[Dataset records]
* * *

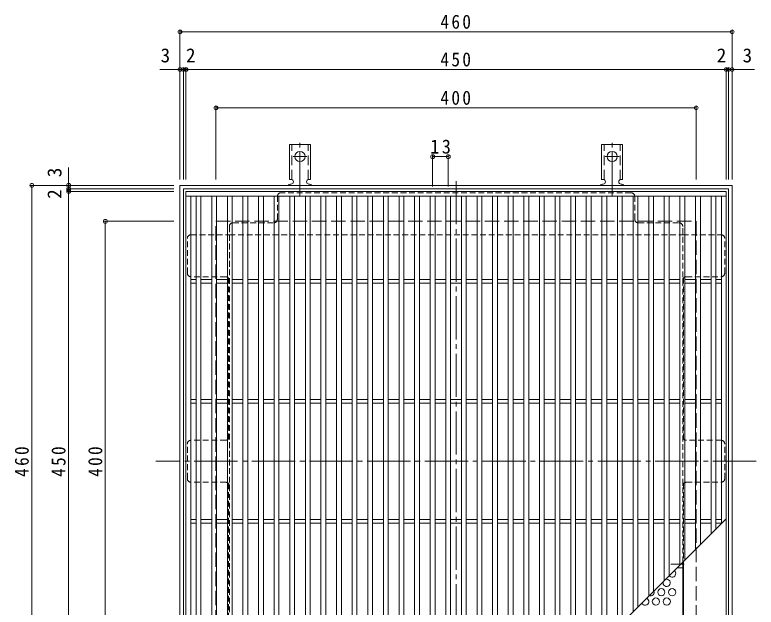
# Model space of a CAD drawing. Units: millimetres at full size, sheet at 1:4. Extents: x -752 to 1068, y -779 to 732.
# Drawn here: x -752 to -134, y 238 to 732 of the extents above; entities that cross this region are included whole.
import ezdxf
from ezdxf.enums import TextEntityAlignment as Align

# ---------------------------------------------------------------- set-up
doc = ezdxf.new("R2010")
doc.units = ezdxf.units.MM
doc.header["$LTSCALE"] = 4
doc.header["$PDMODE"] = 32
doc.header["$PDSIZE"] = 3.2
for name, pattern in [('CHAIN1', [8, 5, -1, 1, -1]), ('CHAIN2', [12, 9, -1, 1, -1]), ('DASHED1', [1.8, 1.2, -0.6]), ('DASHED2', [3, 2, -1]), ('DASHED3', [4, 3, -1])]:
    doc.linetypes.add(name, pattern=pattern)
for name, color, linetype, lineweight in [('A-1_躯体', 3, 'Continuous', 9), ('A-2_仕上', 3, 'Continuous', 9), ('A-4_その他', 7, 'Continuous', 9), ('A-6_寸法', 2, 'Continuous', 9), ('A-7_ハッチ', 2, 'Continuous', 9), ('A-8_記号', 2, 'Continuous', 9), ('A-A_ﾊｯﾁ-ﾜｸ', 3, 'Continuous', 9)]:
    doc.layers.add(name, color=color, linetype=linetype, lineweight=lineweight)
doc.styles.add('ＭＳ ゴシック', font='')
doc.styles.get('ＭＳ ゴシック').set_extended_font_data('MS Gothic')

msp = doc.modelspace()

# ---------------------------------------------------------------- linework, layer by layer
at = {"layer": 'A-1_躯体', "color": 2}
for p, q in [((-614.02, 589.849), (-154.02, 589.849)), ((-614.02, 129.849), (-614.02, 589.849)), ((-611.021, 586.849), (-157.02, 586.849)), ((-611.021, 132.849), (-611.021, 586.849)), ((-157.02, 586.849), (-157.02, 132.849)), ((-154.02, 589.849), (-154.02, 129.849))]:
    msp.add_line(p, q, dxfattribs=at)
at = {"layer": 'A-1_躯体', "color": 2, "linetype": 'DASHED3'}
for p, q in [((-584.02, 559.849), (-184.02, 559.849)), ((-584.02, 159.849), (-584.02, 559.849)), ((-184.02, 559.849), (-184.02, 159.849))]:
    msp.add_line(p, q, dxfattribs=at)
at = {"layer": 'A-2_仕上'}
for p, q in [((-609.02, 134.849), (-609.02, 584.849)), ((-609.02, 584.849), (-159.02, 584.849)), ((-609.02, 580.849), (-159.02, 580.849)), ((-605.02, 138.849), (-605.02, 580.849)), ((-600.52, 138.849), (-600.52, 580.849)), ((-596.52, 138.849), (-596.52, 580.849)), ((-587.52, 138.849), (-587.52, 580.849)), ((-583.52, 138.849), (-583.52, 580.849)), ((-574.52, 138.849), (-574.52, 580.849)), ((-570.52, 138.849), (-570.52, 580.849)), ((-561.521, 138.849), (-561.521, 580.849)), ((-557.521, 138.849), (-557.521, 580.849)), ((-548.52, 138.849), (-548.52, 580.849)), ((-544.521, 138.849), (-544.521, 580.849)), ((-535.52, 138.849), (-535.52, 580.849)), ((-531.52, 138.849), (-531.52, 580.849)), ((-522.52, 138.849), (-522.52, 580.849)), ((-518.52, 138.849), (-518.52, 580.849)), ((-509.521, 138.849), (-509.521, 580.849)), ((-505.521, 138.849), (-505.521, 580.849)), ((-496.521, 138.849), (-496.521, 580.849)), ((-492.521, 138.849), (-492.521, 580.849)), ((-483.52, 138.849), (-483.52, 580.849)), ((-479.521, 138.849), (-479.521, 580.849)), ((-470.52, 138.849), (-470.52, 580.849)), ((-466.52, 138.849), (-466.52, 580.849)), ((-457.52, 138.849), (-457.52, 580.849)), ((-453.52, 138.849), (-453.52, 580.849)), ((-444.521, 138.849), (-444.521, 580.849)), ((-440.521, 138.849), (-440.521, 580.849)), ((-431.52, 138.849), (-431.52, 580.849)), ((-427.521, 138.849), (-427.521, 580.849)), ((-418.52, 138.849), (-418.52, 580.849)), ((-414.52, 138.849), (-414.52, 580.849)), ((-405.52, 138.849), (-405.52, 580.849)), ((-401.52, 138.849), (-401.52, 580.849)), ((-392.521, 580.849), (-392.521, 138.849)), ((-388.521, 580.849), (-388.521, 138.849)), ((-379.521, 580.849), (-379.521, 138.849)), ((-375.521, 580.849), (-375.521, 138.849)), ((-366.52, 580.849), (-366.52, 138.849)), ((-362.52, 580.849), (-362.52, 138.849)), ((-353.52, 580.849), (-353.52, 138.849)), ((-349.52, 580.849), (-349.52, 138.849)), ((-340.52, 580.849), (-340.52, 138.849)), ((-336.52, 580.849), (-336.52, 138.849)), ((-327.521, 580.849), (-327.521, 143.349)), ((-323.521, 580.849), (-323.521, 147.349)), ((-314.52, 580.849), (-314.52, 156.349)), ((-310.521, 580.849), (-310.521, 160.349)), ((-301.52, 580.849), (-301.52, 169.349)), ((-297.52, 580.849), (-297.52, 173.349)), ((-288.52, 580.849), (-288.52, 182.349)), ((-284.52, 580.849), (-284.52, 186.349)), ((-275.521, 580.849), (-275.521, 195.349)), ((-271.521, 580.849), (-271.521, 199.349)), ((-262.521, 580.849), (-262.521, 208.349)), ((-258.521, 580.849), (-258.521, 212.349)), ((-249.52, 580.849), (-249.52, 221.349)), ((-245.52, 580.849), (-245.52, 225.349)), ((-236.52, 580.849), (-236.52, 234.349)), ((-232.52, 580.849), (-232.52, 238.349)), ((-223.521, 580.849), (-223.521, 247.349)), ((-219.521, 580.849), (-219.521, 251.348)), ((-210.521, 580.849), (-210.521, 260.349)), ((-206.521, 580.849), (-206.521, 264.349)), ((-197.52, 580.849), (-197.52, 273.349)), ((-193.521, 580.849), (-193.521, 277.349)), ((-184.52, 580.849), (-184.52, 286.349)), ((-180.52, 580.849), (-180.52, 290.349)), ((-171.52, 580.849), (-171.52, 299.349)), ((-167.52, 580.849), (-167.52, 303.349)), ((-163.02, 580.849), (-163.02, 307.849)), ((-159.02, 584.849), (-159.02, 134.849)), ((-605.02, 511.349), (-600.52, 511.349)), ((-605.02, 508.349), (-600.52, 508.349)), ((-596.52, 511.349), (-587.52, 511.349)), ((-596.52, 508.349), (-587.52, 508.349)), ((-583.52, 511.349), (-574.52, 511.349)), ((-583.52, 508.349), (-574.52, 508.349)), ((-570.521, 511.349), (-561.521, 511.349)), ((-570.521, 508.349), (-561.521, 508.349)), ((-557.521, 511.349), (-548.52, 511.349)), ((-557.521, 508.349), (-548.52, 508.349)), ((-544.521, 511.349), (-535.52, 511.349)), ((-544.521, 508.349), (-535.52, 508.349)), ((-531.52, 511.349), (-522.52, 511.349)), ((-531.52, 508.349), (-522.52, 508.349)), ((-518.521, 511.349), (-509.521, 511.349)), ((-518.521, 508.349), (-509.521, 508.349)), ((-505.521, 511.349), (-496.521, 511.349)), ((-505.521, 508.349), (-496.521, 508.349)), ((-492.521, 511.349), (-483.52, 511.349)), ((-492.521, 508.349), (-483.52, 508.349)), ((-479.521, 511.349), (-470.52, 511.349)), ((-479.521, 508.349), (-470.52, 508.349)), ((-466.52, 511.349), (-457.52, 511.349)), ((-466.52, 508.349), (-457.52, 508.349)), ((-453.521, 511.349), (-444.521, 511.349)), ((-453.521, 508.349), (-444.521, 508.349)), ((-440.521, 511.349), (-431.52, 511.349)), ((-440.521, 508.349), (-431.52, 508.349)), ((-427.521, 511.349), (-418.52, 511.349)), ((-427.521, 508.349), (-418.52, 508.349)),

* * *

## EXERCISE BRIEF:
Which lines in the records above contain the word "name"? Return each of them.

## RESULT FOR THIS TASK:
for name, pattern in [('CHAIN1', [8, 5, -1, 1, -1]), ('CHAIN2', [12, 9, -1, 1, -1]), ('DASHED1', [1.8, 1.2, -0.6]), ('DASHED2', [3, 2, -1]), ('DASHED3', [4, 3, -1])]:
    doc.linetypes.add(name, pattern=pattern)
for name, color, linetype, lineweight in [('A-1_躯体', 3, 'Continuous', 9), ('A-2_仕上', 3, 'Continuous', 9), ('A-4_その他', 7, 'Continuous', 9), ('A-6_寸法', 2, 'Continuous', 9), ('A-7_ハッチ', 2, 'Continuous', 9), ('A-8_記号', 2, 'Continuous', 9), ('A-A_ﾊｯﾁ-ﾜｸ', 3, 'Continuous', 9)]:
    doc.layers.add(name, color=color, linetype=linetype, lineweight=lineweight)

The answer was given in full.